There's no LaTeX package and I myself will not port it. SugarTeX is
Pandoc/Markdown oriented project in the first place.

You can use it as a command line prepocess text filter though.
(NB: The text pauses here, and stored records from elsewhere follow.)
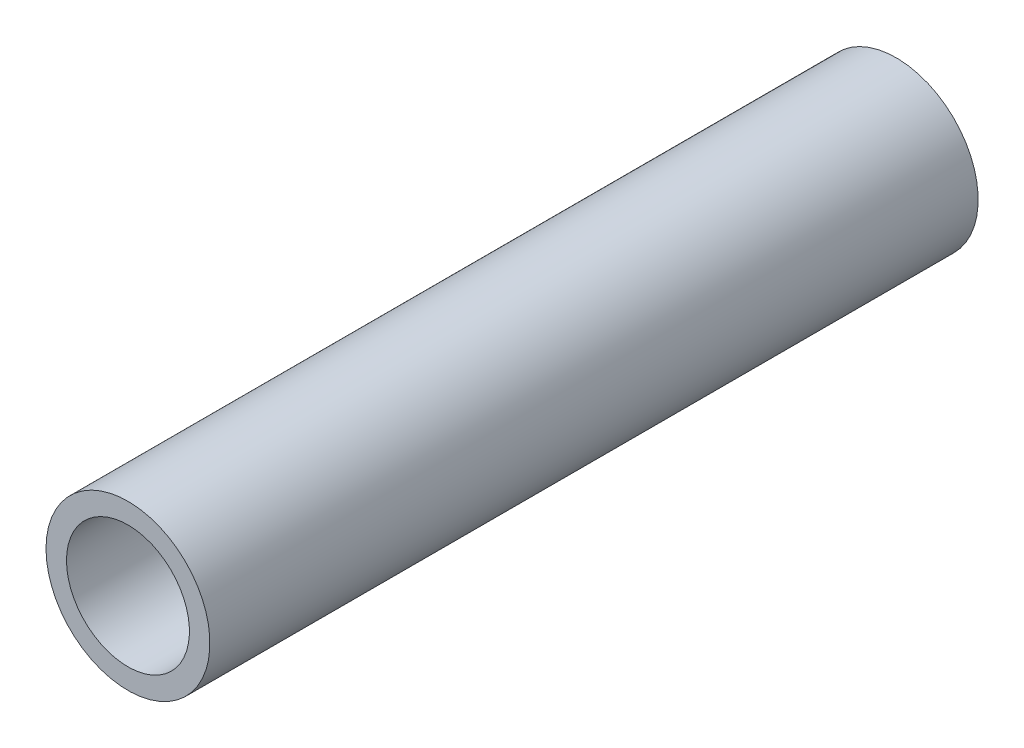
from build123d import *

# Parameters (mm, degrees)
TUBE_PROFILE_R   = 4
TUBE_PROFILE_R_2 = 3


with BuildPart() as part:
    # Tube: sweep along a curve in space
    with BuildLine() as tube_path:
        Line((180, 21, 27), (180, 21, -10.5))
    # Tube profile (on start of the path) → Tube (sweep)
    with BuildSketch(Plane(origin=(180, 21, 27), x_dir=(-1, 0, 0), z_dir=(0, 0, -1))):
        Circle(TUBE_PROFILE_R)
        Circle(TUBE_PROFILE_R_2, mode=Mode.SUBTRACT)
    sweep(path=tube_path.line)


solid = part.part
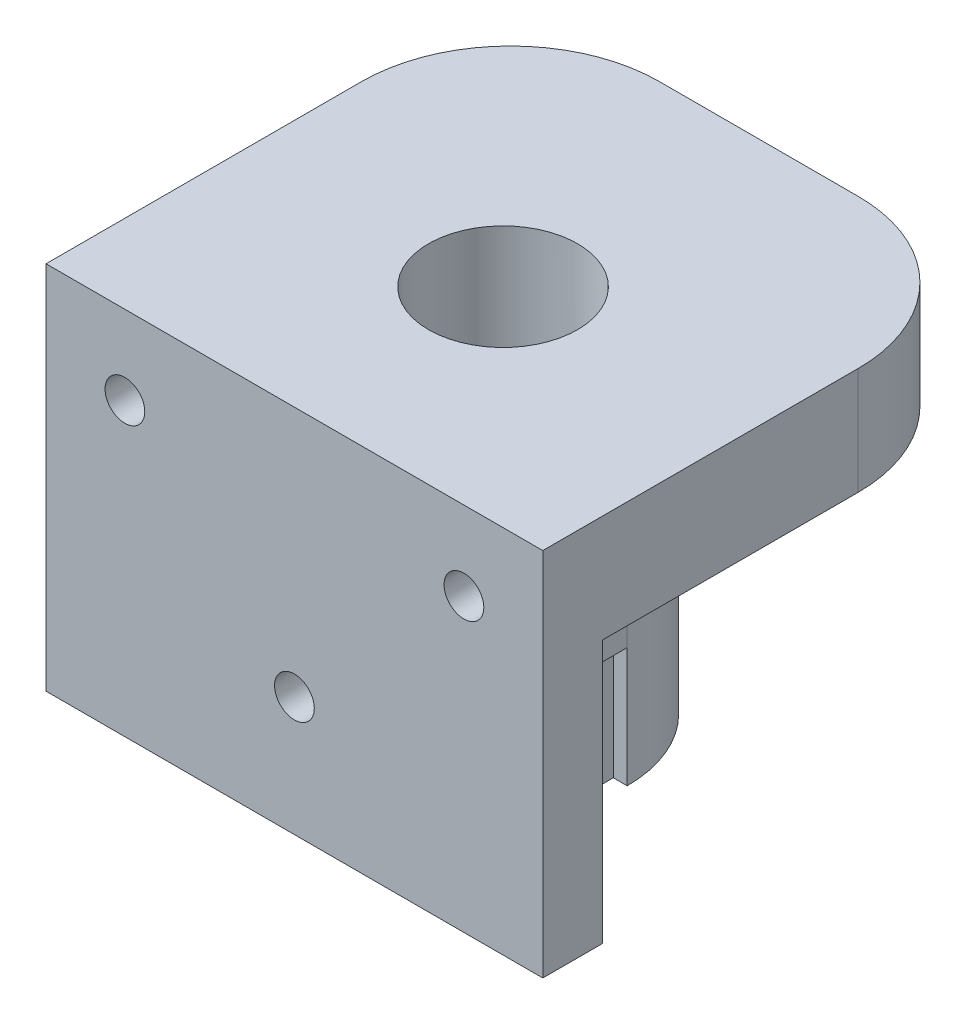
from build123d import *

# Parameters (mm, degrees)
PROFILE_SKETCH1_R                              = 7.5
PROFILE_BOSS_EXTRUDE2_DEPTH                    = 37.25987
FASTENINGHOLESKETCH3_R                         = 2
FASTENINGHOLECUT_EXTRUDE8_DEPTH                = 56.995963358
LM8UUFASTENINGHOLESKETCH5_R                    = 2
LM8UUFASTENINGHOLECUT_EXTRUDE9_DEPTH           = 56.995963425
YAXISMICROSWITCHCUT_EXTRUDE1_DEPTH             = 12.05
MICROSWITCHMOUNTINGHOLESKETCH2_R               = 1.5
YAXISMICROSWITCHMOUNTINGHOLECUT_EXTRUDE2_DEPTH = 3.1
TOPKNOTCHSKETCH2_W                             = 50
TOPKNOTCHSKETCH2_H                             = 27.5
TOPKNOTCHCUT_EXTRUDE1_DEPTH                    = 10.8
TOPSHELFSKETCH3_W                              = 50
TOPSHELFSKETCH3_H                              = 10.8
TOPSHELFBOSS_EXTRUDE1_DEPTH                    = 40.75
TOPSHELFLM8UUHOLESKETCH_R                      = 7.5
TOPSHELFLM8UUCUT_EXTRUDE2_DEPTH                = 52.733552168
XAXISMICROSWITCHSKETCH7_W                      = 12.85
XAXISMICROSWITCHSKETCH7_H                      = 12.05
XAXISMICROSWITCHCUT_EXTRUDE5_DEPTH             = 2.8
XAXISMICROSWITCHMOUNTINGHOLESKETCH8_R          = 1.5
XAXISMICROSWITCHMOUNTINGHOLECUT_EXTRUDE6_DEPTH = 3.1
FILLET3_R                                      = 15
FILLET4_R                                      = 15


with BuildPart() as part:
    # Profile-Sketch1 → Profile-Boss-Extrude2 (new body)
    with BuildSketch(Plane(origin=(0, 0, 0), x_dir=(1, 0, 0), z_dir=(0, 1, 0))):
        with BuildLine():
            Line((-25, -21), (25, -21))
            Line((25, -21), (25, -15))
            Line((25, -15), (22.5, -15))
            ThreePointArc((22.5, -15), (15.428932188, -12.071067812), (12.5, -5))
            Line((12.5, -5), (12.5, 0))
            ThreePointArc((12.5, 0), (0, 12.5), (-12.5, 0))
            Line((-12.5, 0), (-12.5, -5))
            ThreePointArc((-12.5, -5), (-15.428932188, -12.071067812), (-22.5, -15))
            Line((-22.5, -15), (-25, -15))
            Line((-25, -15), (-25, -21))
        make_face()
        with Locations(Location((0, 0, 0), (0, 0, 270))):
            Circle(PROFILE_SKETCH1_R, mode=Mode.SUBTRACT)
    extrude(amount=PROFILE_BOSS_EXTRUDE2_DEPTH)

    # FasteningHoleSketch3 → FasteningHoleCut-Extrude8 (cut, through all)
    with BuildSketch(Plane.XY.offset(21)):
        with Locations((-17.0625, 29.32237)):
            Circle(FASTENINGHOLESKETCH3_R)
        with Locations((17.0625, 29.32237)):
            Circle(FASTENINGHOLESKETCH3_R)
    extrude(amount=-FASTENINGHOLECUT_EXTRUDE8_DEPTH, mode=Mode.SUBTRACT)

    # LM8UUFasteningHoleSketch5 → LM8UUFasteningHoleCut-Extrude9 (cut, through all)
    with BuildSketch(Plane.XY.offset(21)):
        with Locations((0, 12)):
            Circle(LM8UUFASTENINGHOLESKETCH5_R)
    extrude(amount=-LM8UUFASTENINGHOLECUT_EXTRUDE9_DEPTH, mode=Mode.SUBTRACT)

    # Sketch1 → YAxisMicroSwitchCut-Extrude1 (cut)
    with BuildSketch(Plane.XZ):
        Polygon((13.9, 12.85), (16.363847734, 12.85), (13.9, 10.102940329), (13.9, 0), (11.1, 0), (11.1, 12.85), align=None)
    extrude(amount=-YAXISMICROSWITCHCUT_EXTRUDE1_DEPTH, mode=Mode.SUBTRACT)

    # MicroSwitchMountingHoleSketch2 → YAxisMicroSwitchMountingHoleCut-Extrude2 (cut)
    with BuildSketch(Plane(origin=(11.1, 0, 0), x_dir=(0, 0, -1), z_dir=(1, 0, 0))):
        with Locations((-9.6, 5.05)):
            Circle(MICROSWITCHMOUNTINGHOLESKETCH2_R)
        with Locations((-3.25, 5.05)):
            Circle(MICROSWITCHMOUNTINGHOLESKETCH2_R)
    extrude(amount=-YAXISMICROSWITCHMOUNTINGHOLECUT_EXTRUDE2_DEPTH, mode=Mode.SUBTRACT)

    # TopKnotchSketch2 → TopKnotchCut-Extrude1 (cut)
    with BuildSketch(Plane(origin=(0, 37.25987, 0), x_dir=(1, 0, 0), z_dir=(0, 1, 0))):
        with Locations((0, -1.25)):
            Rectangle(TOPKNOTCHSKETCH2_W, TOPKNOTCHSKETCH2_H)
    extrude(amount=-TOPKNOTCHCUT_EXTRUDE1_DEPTH, mode=Mode.SUBTRACT)

    # TopShelfSketch3 → TopShelfBoss-Extrude1 (add)
    with BuildSketch(Plane(origin=(0, 0, 15), x_dir=(-1, 0, 0), z_dir=(0, 0, -1))):
        with Locations((0, 31.85987)):
            Rectangle(TOPSHELFSKETCH3_W, TOPSHELFSKETCH3_H)
    extrude(amount=TOPSHELFBOSS_EXTRUDE1_DEPTH)

    # TopShelfLM8UUHoleSketch → TopShelfLM8UUCut-Extrude2 (cut, through all)
    with BuildSketch(Plane(origin=(0, 37.25987, 0), x_dir=(1, 0, 0), z_dir=(0, 1, 0))):
        with Locations(Location((0, 0, 0), (0, 0, 270))):
            Circle(TOPSHELFLM8UUHOLESKETCH_R)
    extrude(amount=-TOPSHELFLM8UUCUT_EXTRUDE2_DEPTH, mode=Mode.SUBTRACT)

    # XAxisMicroSwitchSketch7 → XAxisMicroSwitchCut-Extrude5 (cut)
    with BuildSketch(Plane.XZ.offset(-26.45987)):
        with Locations((0, -19.725)):
            Rectangle(XAXISMICROSWITCHSKETCH7_W, XAXISMICROSWITCHSKETCH7_H)
    extrude(amount=-XAXISMICROSWITCHCUT_EXTRUDE5_DEPTH, mode=Mode.SUBTRACT)

    # XAxisMicroSwitchMountingHoleSketch8 → XAxisMicroSwitchMountingHoleCut-Extrude6 (cut)
    with BuildSketch(Plane.XZ.offset(-29.25987)):
        with Locations(Location((-3.175, -20.7, 0), (0, 0, 270))):
            Circle(XAXISMICROSWITCHMOUNTINGHOLESKETCH8_R)
        with Locations(Location((3.175, -20.7, 0), (0, 0, 270))):
            Circle(XAXISMICROSWITCHMOUNTINGHOLESKETCH8_R)
    extrude(amount=-XAXISMICROSWITCHMOUNTINGHOLECUT_EXTRUDE6_DEPTH, mode=Mode.SUBTRACT)

    # Fillet3
    fillet3_edges = [part.edges().sort_by_distance(p)[0] for p in [
        (25, 31.85987, -25.75),
    ]]
    fillet(fillet3_edges, radius=FILLET3_R)

    # Fillet4
    fillet4_edges = [part.edges().sort_by_distance(p)[0] for p in [
        (-25, 31.85987, -25.75),
    ]]
    fillet(fillet4_edges, radius=FILLET4_R)


solid = part.part

It should work
as long as you use ˎ or ˎˎ to define SugarTeX.

------
robotresearcher
The juice is at the very end of the README, where you can see the unicode
markup (ignore HN-mangled newlines):

ˎˎ ˱∇ × [ ⃗B] - 1∕c ∂[ ⃗E]∕∂t ˳= 4π∕c [ ⃗j] ¦# ∇ ⋅ [ ⃗E]\ ˳= 4πρ ¦ ∇ × [ ⃗E] +
1∕c ∂[ ⃗B]∕∂t ˳= [ ⃗0] ¦ ∇ ⋅ [ ⃗B]\ ˳= 0 ˲ ,ˎˎ{#eq:max}

where ˎ[ ⃗B], [ ⃗E], [ ⃗j]: ℝ⁴ → ℝ³ˎ – vector functions of the form

ˎ(t,x,y,z) ↦ [ ⃗f](t,x,y,z), [ ⃗f] = (f_˹x˺, f_˹y˺, f_˹z˺)ˎ.

renders to:

$$ \begin{aligned}∇ × {\mathbf{B}} - \frac{1}{c} \frac{∂{\mathbf{E}}}{∂t} &=
\frac{4π}{c} {\mathbf{j}}\ ∇ ⋅ {\mathbf{E}}\ &= 4πρ \ ∇ × {\mathbf{E}} +
\frac{1}{c} \frac{∂{\mathbf{B}}}{∂t} &= {\mathbf{0}} \ ∇ ⋅ {\mathbf{B}}\ &= 0
\end{aligned} ,$${#eq:max}

where ${\mathbf{B}},,{\mathbf{E}},,{\mathbf{j}}:,ℝ^{4} → ℝ^{3}$ -- vector
functions of the form $(t,x,y,z) ↦ {\mathbf{f}}(t,x,y,z),,{\mathbf{f}} =
(f_{\mathrm{x}}, f_{\mathrm{y}}, f_{\mathrm{z}})$.

------
srean
Transcompiler !

As if 'transpiler' was not nails-on-the-board grating enough. 'Compiler' is a
fine word and the right word.

Anyone knows who started this 'transpiler' nonsense. Seems very common in the
javascript community but not sure if it was their 'innovation'.

------
Evidlo
You should take one or two examples from sugartex.pdf and put it in the README
(i.e. the SugarTex source and a screenshot of the rendered output).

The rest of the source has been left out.